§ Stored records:
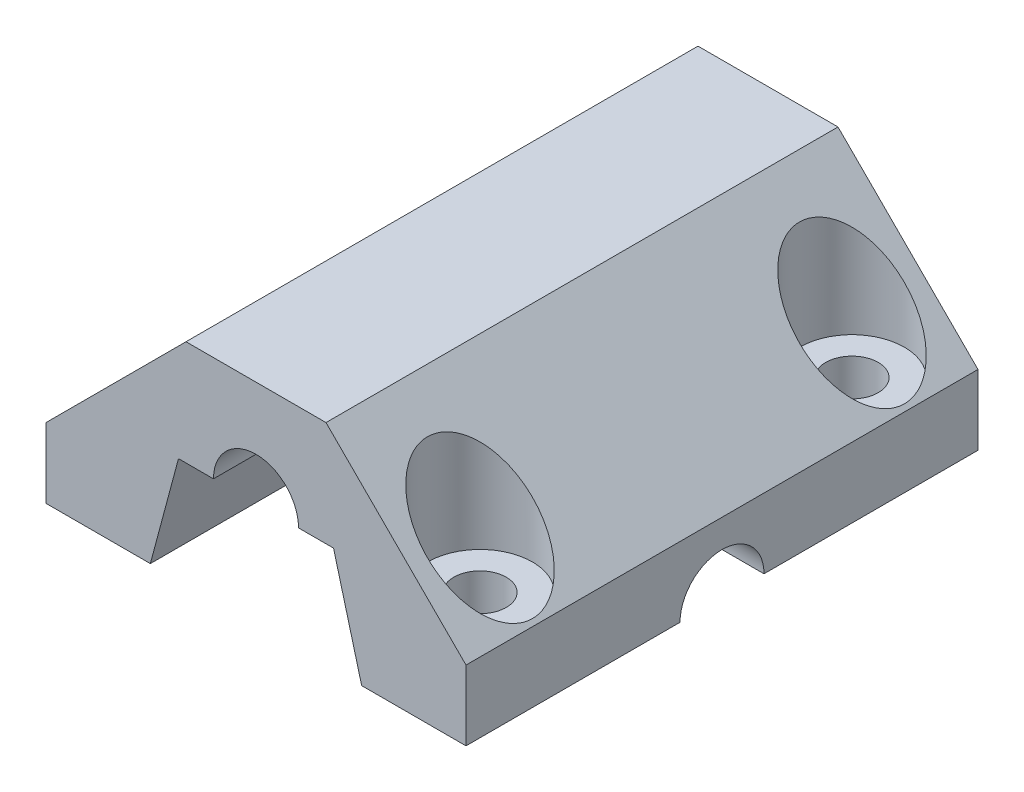
ISO-10303-21;
HEADER;
FILE_DESCRIPTION(('STEP AP214'),'2;1');
FILE_NAME('part.step','',(''),(''),'','','');
FILE_SCHEMA(('AUTOMOTIVE_DESIGN { 1 0 10303 214 1 1 1 1 }'));
ENDSEC;
DATA;
#1=APPLICATION_CONTEXT('core data for automotive mechanical design processes');
#2=APPLICATION_PROTOCOL_DEFINITION('international standard','automotive_design',2000,#1);
#3=PRODUCT_CONTEXT('',#1,'mechanical');
#4=PRODUCT('Part','Part','',(#3));
#5=PRODUCT_RELATED_PRODUCT_CATEGORY('part','',(#4));
#6=PRODUCT_DEFINITION_FORMATION('','',#4);
#7=PRODUCT_DEFINITION_CONTEXT('part definition',#1,'design');
#8=PRODUCT_DEFINITION('design','',#6,#7);
#9=PRODUCT_DEFINITION_SHAPE('','',#8);
#10=(LENGTH_UNIT() NAMED_UNIT(*) SI_UNIT(.MILLI.,.METRE.));
#11=(NAMED_UNIT(*) PLANE_ANGLE_UNIT() SI_UNIT($,.RADIAN.));
#12=(NAMED_UNIT(*) SI_UNIT($,.STERADIAN.) SOLID_ANGLE_UNIT());
#13=UNCERTAINTY_MEASURE_WITH_UNIT(LENGTH_MEASURE(1.E-05),#10,'distance_accuracy_value','');
#14=(GEOMETRIC_REPRESENTATION_CONTEXT(3) GLOBAL_UNCERTAINTY_ASSIGNED_CONTEXT((#13)) GLOBAL_UNIT_ASSIGNED_CONTEXT((#10,
#11,#12)) REPRESENTATION_CONTEXT('',''));
#15=CARTESIAN_POINT('',(0.,0.,0.));
#16=DIRECTION('',(0.,0.,1.));
#17=DIRECTION('',(1.,0.,0.));
#18=AXIS2_PLACEMENT_3D('',#15,#16,#17);
#19=CARTESIAN_POINT('',(-22.,-25.6066017177982,-26.57));
#20=DIRECTION('',(0.,1.,0.));
#21=DIRECTION('',(-1.,0.,0.));
#22=AXIS2_PLACEMENT_3D('',#19,#20,#21);
#23=CYLINDRICAL_SURFACE('',#22,3.74999999999999);
#24=CARTESIAN_POINT('',(-22.,-15.,-26.57));
#25=DIRECTION('',(0.,1.,0.));
#26=DIRECTION('',(-1.,0.,0.));
#27=AXIS2_PLACEMENT_3D('',#24,#25,#26);
#28=CIRCLE('',#27,3.74999999999999);
#29=CARTESIAN_POINT('',(-25.75,-15.,-26.57));
#30=VERTEX_POINT('',#29);
#31=EDGE_CURVE('E208',#30,#30,#28,.F.);
#32=ORIENTED_EDGE('',*,*,#31,.T.);
#33=EDGE_LOOP('',(#32));
#34=FACE_BOUND('',#33,.T.);
#35=CARTESIAN_POINT('',(-22.,-5.,-26.57));
#36=DIRECTION('',(0.,1.,0.));
#37=DIRECTION('',(-1.,0.,0.));
#38=AXIS2_PLACEMENT_3D('',#35,#36,#37);
#39=CIRCLE('',#38,3.74999999999999);
#40=CARTESIAN_POINT('',(-25.75,-5.,-26.57));
#41=VERTEX_POINT('',#40);
#42=EDGE_CURVE('E222',#41,#41,#39,.F.);
#43=ORIENTED_EDGE('',*,*,#42,.F.);
#44=EDGE_LOOP('',(#43));
#45=FACE_BOUND('',#44,.T.);
#46=ADVANCED_FACE('F33',(#34,#45),#23,.F.);
#47=CARTESIAN_POINT('',(22.,-25.6066017177982,26.57));
#48=DIRECTION('',(0.,1.,0.));
#49=DIRECTION('',(-1.,0.,0.));
#50=AXIS2_PLACEMENT_3D('',#47,#48,#49);
#51=CYLINDRICAL_SURFACE('',#50,3.75);
#52=CARTESIAN_POINT('',(22.,-15.,26.57));
#53=DIRECTION('',(0.,1.,0.));
#54=DIRECTION('',(-1.,0.,0.));
#55=AXIS2_PLACEMENT_3D('',#52,#53,#54);
#56=CIRCLE('',#55,3.75);
#57=CARTESIAN_POINT('',(18.25,-15.,26.57));
#58=VERTEX_POINT('',#57);
#59=EDGE_CURVE('E163',#58,#58,#56,.F.);
#60=ORIENTED_EDGE('',*,*,#59,.T.);
#61=EDGE_LOOP('',(#60));
#62=FACE_BOUND('',#61,.T.);
#63=CARTESIAN_POINT('',(22.,-5.,26.57));
#64=DIRECTION('',(0.,1.,0.));
#65=DIRECTION('',(-1.,0.,0.));
#66=AXIS2_PLACEMENT_3D('',#63,#64,#65);
#67=CIRCLE('',#66,3.75);
#68=CARTESIAN_POINT('',(18.25,-5.,26.57));
#69=VERTEX_POINT('',#68);
#70=EDGE_CURVE('E201',#69,#69,#67,.F.);
#71=ORIENTED_EDGE('',*,*,#70,.F.);
#72=EDGE_LOOP('',(#71));
#73=FACE_BOUND('',#72,.T.);
#74=ADVANCED_FACE('F356',(#62,#73),#51,.F.);
#75=CARTESIAN_POINT('',(30.,-15.,36.57));
#76=DIRECTION('',(0.,1.,0.));
#77=DIRECTION('',(-1.,0.,0.));
#78=AXIS2_PLACEMENT_3D('',#75,#76,#77);
#79=PLANE('',#78);
#80=ORIENTED_EDGE('',*,*,#59,.F.);
#81=EDGE_LOOP('',(#80));
#82=FACE_BOUND('',#81,.T.);
#83=DIRECTION('',(1.,0.,0.));
#84=VECTOR('',#83,1.);
#85=CARTESIAN_POINT('',(30.,-15.,36.57));
#86=LINE('',#85,#84);
#87=CARTESIAN_POINT('',(15.0942378864668,-15.,36.57));
#88=VERTEX_POINT('',#87);
#89=CARTESIAN_POINT('',(30.,-15.,36.57));
#90=VERTEX_POINT('',#89);
#91=EDGE_CURVE('E169',#88,#90,#86,.T.);
#92=ORIENTED_EDGE('',*,*,#91,.F.);
#93=DIRECTION('',(0.,0.,1.));
#94=VECTOR('',#93,1.);
#95=CARTESIAN_POINT('',(15.0942378864668,-15.,-73.3871114360294));
#96=LINE('',#95,#94);
#97=CARTESIAN_POINT('',(15.0942378864668,-15.,6.00000000000001));
#98=VERTEX_POINT('',#97);
#99=EDGE_CURVE('E284',#98,#88,#96,.T.);
#100=ORIENTED_EDGE('',*,*,#99,.F.);
#101=DIRECTION('',(1.,0.,0.));
#102=VECTOR('',#101,1.);
#103=CARTESIAN_POINT('',(-43.4164078649987,-15.,6.));
#104=LINE('',#103,#102);
#105=CARTESIAN_POINT('',(30.,-15.,6.));
#106=VERTEX_POINT('',#105);
#107=EDGE_CURVE('E301',#98,#106,#104,.T.);
#108=ORIENTED_EDGE('',*,*,#107,.T.);
#109=DIRECTION('',(0.,0.,-1.));
#110=VECTOR('',#109,1.);
#111=CARTESIAN_POINT('',(30.,-15.,36.57));
#112=LINE('',#111,#110);
#113=EDGE_CURVE('E195',#90,#106,#112,.T.);
#114=ORIENTED_EDGE('',*,*,#113,.F.);
#115=EDGE_LOOP('',(#92,#100,#108,#114));
#116=FACE_BOUND('',#115,.T.);
#117=ADVANCED_FACE('F319',(#82,#116),#79,.F.);
#118=CARTESIAN_POINT('',(22.,-15.,-26.57));
#119=DIRECTION('',(0.,1.,0.));
#120=DIRECTION('',(-1.,0.,0.));
#121=AXIS2_PLACEMENT_3D('',#118,#119,#120);
#122=CIRCLE('',#121,3.75);
#123=CARTESIAN_POINT('',(18.25,-15.,-26.57));
#124=VERTEX_POINT('',#123);
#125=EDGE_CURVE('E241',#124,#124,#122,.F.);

§ What is expected: Print exactly the line containing "#117=ADVANCED_FACE('F319',(#82,#116),#79,.F.);" and every line after it through the end of the records above, and nothing else.

§ Response to this task:
#117=ADVANCED_FACE('F319',(#82,#116),#79,.F.);
#118=CARTESIAN_POINT('',(22.,-15.,-26.57));
#119=DIRECTION('',(0.,1.,0.));
#120=DIRECTION('',(-1.,0.,0.));
#121=AXIS2_PLACEMENT_3D('',#118,#119,#120);
#122=CIRCLE('',#121,3.75);
#123=CARTESIAN_POINT('',(18.25,-15.,-26.57));
#124=VERTEX_POINT('',#123);
#125=EDGE_CURVE('E241',#124,#124,#122,.F.);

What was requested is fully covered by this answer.